Your task:
Would you print the records below word for word, without the pictures?

Items listed in a dataset:
- - -
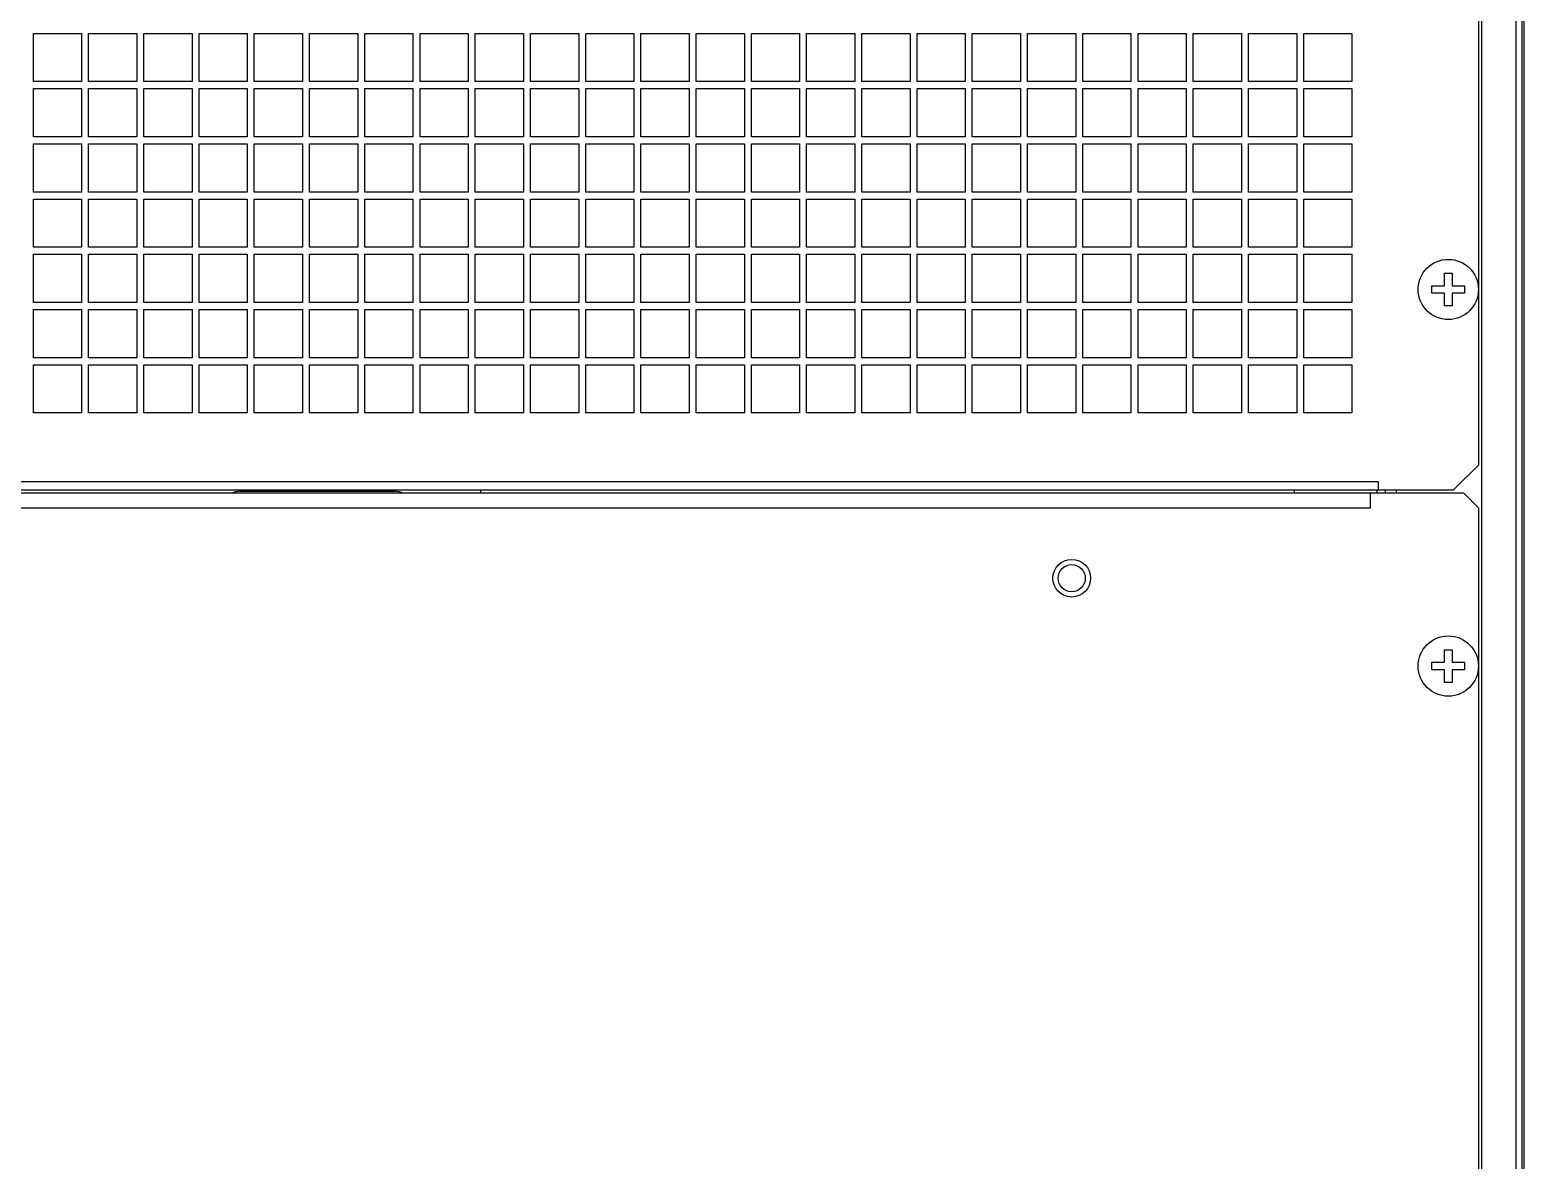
# Model space of a CAD drawing. Header units: millimetres. Extents: x 0 to 191, y 0 to 126.
# Drawn here: x 160.93 to 190.69, y 45.21 to 67.72 of the extents above; entities that cross this region are included whole.
import ezdxf

# ---------------------------------------------------------------- set-up
doc = ezdxf.new("R2010")
doc.units = ezdxf.units.MM
for name, color, linetype in [('2001-00715_0', 7, 'Continuous'), ('2401-00460-M6-12PSTTHC_0', 7, 'Continuous'), ('4209-00025-D30_0', 7, 'Continuous'), ('4212-06586_0', 7, 'Continuous'), ('4212-06607_0', 7, 'Continuous'), ('4212-06611_0', 7, 'Continuous'), ('4212-12598_2_0', 7, 'Continuous'), ('4212-12607_0', 7, 'Continuous'), ('4212-12608_0', 7, 'Continuous'), ('4212-12622_0', 7, 'Continuous')]:
    doc.layers.add(name, color=color, linetype=linetype)

msp = doc.modelspace()

# ---------------------------------------------------------------- linework, layer by layer
at = {"layer": '2001-00715_0', "color": 7, "linetype": 'Continuous'}
for p, q in [((169.909, 58.55), (169.895, 58.5)), ((186.101, 58.55), (186.115, 58.5))]:
    msp.add_line(p, q, dxfattribs=at)
at = {"layer": '2401-00460-M6-12PSTTHC_0', "color": 7, "linetype": 'Continuous'}
for p, q in [((189.105, 62.875), (189.255, 62.875)), ((189.105, 62.625), (189.105, 62.875)), ((189.255, 62.875), (189.255, 62.625)), ((188.855, 62.625), (189.105, 62.625)), ((188.855, 62.475), (188.855, 62.625)), ((189.255, 62.625), (189.505, 62.625)), ((189.505, 62.625), (189.505, 62.475)), ((189.105, 62.475), (188.855, 62.475)), ((189.105, 62.225), (189.105, 62.475)), ((189.255, 62.225), (189.105, 62.225)), ((189.505, 62.475), (189.255, 62.475)), ((189.255, 62.475), (189.255, 62.225)), ((189.105, 55.375), (189.255, 55.375)), ((189.105, 55.125), (189.105, 55.375)), ((189.255, 55.375), (189.255, 55.125)), ((188.855, 55.125), (189.105, 55.125)), ((188.855, 54.975), (188.855, 55.125)), ((189.255, 55.125), (189.505, 55.125)), ((189.505, 55.125), (189.505, 54.975)), ((189.105, 54.975), (188.855, 54.975)), ((189.105, 54.725), (189.105, 54.975)), ((189.505, 54.975), (189.255, 54.975)), ((189.255, 54.975), (189.255, 54.725)), ((189.255, 54.725), (189.105, 54.725))]:
    msp.add_line(p, q, dxfattribs=at)
for centre in [(189.18, 62.55), (189.18, 55.05)]:
    msp.add_circle(centre, 0.6, dxfattribs=at)
at = {"layer": '4209-00025-D30_0', "color": 7, "linetype": 'Continuous'}
msp.add_line((165.105, 58.53), (168.205, 58.53), dxfattribs=at)
for centre, start, end in [((165.105, 58.18), 90, 113.668), ((168.205, 58.18), 66.332, 90)]:
    msp.add_arc(centre, 0.35, start, end, dxfattribs=at)
at = {"layer": '4212-06586_0', "color": 7, "linetype": 'Continuous'}
for p, q in [((187.93, 58.5), (187.93, 58.55)), ((188.15, 58.5), (188.15, 58.55))]:
    msp.add_line(p, q, dxfattribs=at)
at = {"layer": '4212-06607_0', "color": 7, "linetype": 'Continuous'}
for p, q in [((190.53, 3.75), (190.53, 88.85)), ((190.65, 3.74), (190.65, 88.86)), ((189.85, 4.05), (189.85, 88.55))]:
    msp.add_line(p, q, dxfattribs=at)
at = {"layer": '4212-06611_0', "color": 7, "linetype": 'Continuous'}
msp.add_line((190.69, 3.8), (190.69, 88.8), dxfattribs=at)
at = {"layer": '4212-12598_2_0', "color": 7, "linetype": 'Continuous'}
msp.add_circle((181.68, 56.8), 0.27, dxfattribs=at)
at = {"layer": '4212-12607_0', "color": 7, "linetype": 'Continuous'}
for p, q in [((121.13, 58.5), (189.48, 58.5)), ((187.63, 58.2), (187.63, 58.5)), ((189.78, 58.2), (189.48, 58.5)), ((123.23, 58.2), (187.63, 58.2)), ((189.78, 58.2), (189.78, 12.27))]:
    msp.add_line(p, q, dxfattribs=at)
msp.add_circle((181.68, 56.8), 0.375, dxfattribs=at)
at = {"layer": '4212-12608_0', "color": 7, "linetype": 'Continuous'}
for p, q in [((189.78, 73.35), (189.78, 59.05)), ((161, 67.65), (161.96, 67.65)), ((161, 66.69), (161, 67.65)), ((161.96, 67.65), (161.96, 66.69)), ((162.1, 67.65), (163.06, 67.65)), ((162.1, 66.69), (162.1, 67.65)), ((163.06, 67.65), (163.06, 66.69)), ((163.2, 67.65), (164.16, 67.65)), ((163.2, 66.69), (163.2, 67.65)), ((164.16, 67.65), (164.16, 66.69)), ((164.3, 67.65), (165.26, 67.65)), ((164.3, 66.69), (164.3, 67.65)), ((165.26, 67.65), (165.26, 66.69)), ((165.4, 67.65), (166.36, 67.65)), ((165.4, 66.69), (165.4, 67.65)), ((166.36, 67.65), (166.36, 66.69)), ((166.5, 67.65), (167.46, 67.65)), ((166.5, 66.69), (166.5, 67.65)), ((167.46, 67.65), (167.46, 66.69)), ((167.6, 67.65), (168.56, 67.65)), ((167.6, 66.69), (167.6, 67.65)), ((168.56, 67.65), (168.56, 66.69)), ((168.7, 67.65), (169.66, 67.65)), ((168.7, 66.69), (168.7, 67.65)), ((169.66, 67.65), (169.66, 66.69)), ((169.8, 67.65), (170.76, 67.65)), ((169.8, 66.69), (169.8, 67.65)), ((170.76, 67.65), (170.76, 66.69)), ((170.9, 67.65), (171.86, 67.65)), ((170.9, 66.69), (170.9, 67.65)), ((171.86, 67.65), (171.86, 66.69)), ((172, 67.65), (172.96, 67.65)), ((172, 66.69), (172, 67.65)), ((172.96, 67.65), (172.96, 66.69)), ((173.1, 67.65), (174.06, 67.65)), ((173.1, 66.69), (173.1, 67.65)), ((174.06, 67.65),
- - -
Result of this exercise:
# Model space of a CAD drawing. Header units: millimetres. Extents: x 0 to 191, y 0 to 126.
# Drawn here: x 160.93 to 190.69, y 45.21 to 67.72 of the extents above; entities that cross this region are included whole.
import ezdxf

# ---------------------------------------------------------------- set-up
doc = ezdxf.new("R2010")
doc.units = ezdxf.units.MM
for name, color, linetype in [('2001-00715_0', 7, 'Continuous'), ('2401-00460-M6-12PSTTHC_0', 7, 'Continuous'), ('4209-00025-D30_0', 7, 'Continuous'), ('4212-06586_0', 7, 'Continuous'), ('4212-06607_0', 7, 'Continuous'), ('4212-06611_0', 7, 'Continuous'), ('4212-12598_2_0', 7, 'Continuous'), ('4212-12607_0', 7, 'Continuous'), ('4212-12608_0', 7, 'Continuous'), ('4212-12622_0', 7, 'Continuous')]:
    doc.layers.add(name, color=color, linetype=linetype)

msp = doc.modelspace()

# ---------------------------------------------------------------- linework, layer by layer
at = {"layer": '2001-00715_0', "color": 7, "linetype": 'Continuous'}
for p, q in [((169.909, 58.55), (169.895, 58.5)), ((186.101, 58.55), (186.115, 58.5))]:
    msp.add_line(p, q, dxfattribs=at)
at = {"layer": '2401-00460-M6-12PSTTHC_0', "color": 7, "linetype": 'Continuous'}
for p, q in [((189.105, 62.875), (189.255, 62.875)), ((189.105, 62.625), (189.105, 62.875)), ((189.255, 62.875), (189.255, 62.625)), ((188.855, 62.625), (189.105, 62.625)), ((188.855, 62.475), (188.855, 62.625)), ((189.255, 62.625), (189.505, 62.625)), ((189.505, 62.625), (189.505, 62.475)), ((189.105, 62.475), (188.855, 62.475)), ((189.105, 62.225), (189.105, 62.475)), ((189.255, 62.225), (189.105, 62.225)), ((189.505, 62.475), (189.255, 62.475)), ((189.255, 62.475), (189.255, 62.225)), ((189.105, 55.375), (189.255, 55.375)), ((189.105, 55.125), (189.105, 55.375)), ((189.255, 55.375), (189.255, 55.125)), ((188.855, 55.125), (189.105, 55.125)), ((188.855, 54.975), (188.855, 55.125)), ((189.255, 55.125), (189.505, 55.125)), ((189.505, 55.125), (189.505, 54.975)), ((189.105, 54.975), (188.855, 54.975)), ((189.105, 54.725), (189.105, 54.975)), ((189.505, 54.975), (189.255, 54.975)), ((189.255, 54.975), (189.255, 54.725)), ((189.255, 54.725), (189.105, 54.725))]:
    msp.add_line(p, q, dxfattribs=at)
for centre in [(189.18, 62.55), (189.18, 55.05)]:
    msp.add_circle(centre, 0.6, dxfattribs=at)
at = {"layer": '4209-00025-D30_0', "color": 7, "linetype": 'Continuous'}
msp.add_line((165.105, 58.53), (168.205, 58.53), dxfattribs=at)
for centre, start, end in [((165.105, 58.18), 90, 113.668), ((168.205, 58.18), 66.332, 90)]:
    msp.add_arc(centre, 0.35, start, end, dxfattribs=at)
at = {"layer": '4212-06586_0', "color": 7, "linetype": 'Continuous'}
for p, q in [((187.93, 58.5), (187.93, 58.55)), ((188.15, 58.5), (188.15, 58.55))]:
    msp.add_line(p, q, dxfattribs=at)
at = {"layer": '4212-06607_0', "color": 7, "linetype": 'Continuous'}
for p, q in [((190.53, 3.75), (190.53, 88.85)), ((190.65, 3.74), (190.65, 88.86)), ((189.85, 4.05), (189.85, 88.55))]:
    msp.add_line(p, q, dxfattribs=at)
at = {"layer": '4212-06611_0', "color": 7, "linetype": 'Continuous'}
msp.add_line((190.69, 3.8), (190.69, 88.8), dxfattribs=at)
at = {"layer": '4212-12598_2_0', "color": 7, "linetype": 'Continuous'}
msp.add_circle((181.68, 56.8), 0.27, dxfattribs=at)
at = {"layer": '4212-12607_0', "color": 7, "linetype": 'Continuous'}
for p, q in [((121.13, 58.5), (189.48, 58.5)), ((187.63, 58.2), (187.63, 58.5)), ((189.78, 58.2), (189.48, 58.5)), ((123.23, 58.2), (187.63, 58.2)), ((189.78, 58.2), (189.78, 12.27))]:
    msp.add_line(p, q, dxfattribs=at)
msp.add_circle((181.68, 56.8), 0.375, dxfattribs=at)
at = {"layer": '4212-12608_0', "color": 7, "linetype": 'Continuous'}
for p, q in [((189.78, 73.35), (189.78, 59.05)), ((161, 67.65), (161.96, 67.65)), ((161, 66.69), (161, 67.65)), ((161.96, 67.65), (161.96, 66.69)), ((162.1, 67.65), (163.06, 67.65)), ((162.1, 66.69), (162.1, 67.65)), ((163.06, 67.65), (163.06, 66.69)), ((163.2, 67.65), (164.16, 67.65)), ((163.2, 66.69), (163.2, 67.65)), ((164.16, 67.65), (164.16, 66.69)), ((164.3, 67.65), (165.26, 67.65)), ((164.3, 66.69), (164.3, 67.65)), ((165.26, 67.65), (165.26, 66.69)), ((165.4, 67.65), (166.36, 67.65)), ((165.4, 66.69), (165.4, 67.65)), ((166.36, 67.65), (166.36, 66.69)), ((166.5, 67.65), (167.46, 67.65)), ((166.5, 66.69), (166.5, 67.65)), ((167.46, 67.65), (167.46, 66.69)), ((167.6, 67.65), (168.56, 67.65)), ((167.6, 66.69), (167.6, 67.65)), ((168.56, 67.65), (168.56, 66.69)), ((168.7, 67.65), (169.66, 67.65)), ((168.7, 66.69), (168.7, 67.65)), ((169.66, 67.65), (169.66, 66.69)), ((169.8, 67.65), (170.76, 67.65)), ((169.8, 66.69), (169.8, 67.65)), ((170.76, 67.65), (170.76, 66.69)), ((170.9, 67.65), (171.86, 67.65)), ((170.9, 66.69), (170.9, 67.65)), ((171.86, 67.65), (171.86, 66.69)), ((172, 67.65), (172.96, 67.65)), ((172, 66.69), (172, 67.65)), ((172.96, 67.65), (172.96, 66.69)), ((173.1, 67.65), (174.06, 67.65)), ((173.1, 66.69), (173.1, 67.65)), ((174.06, 67.65),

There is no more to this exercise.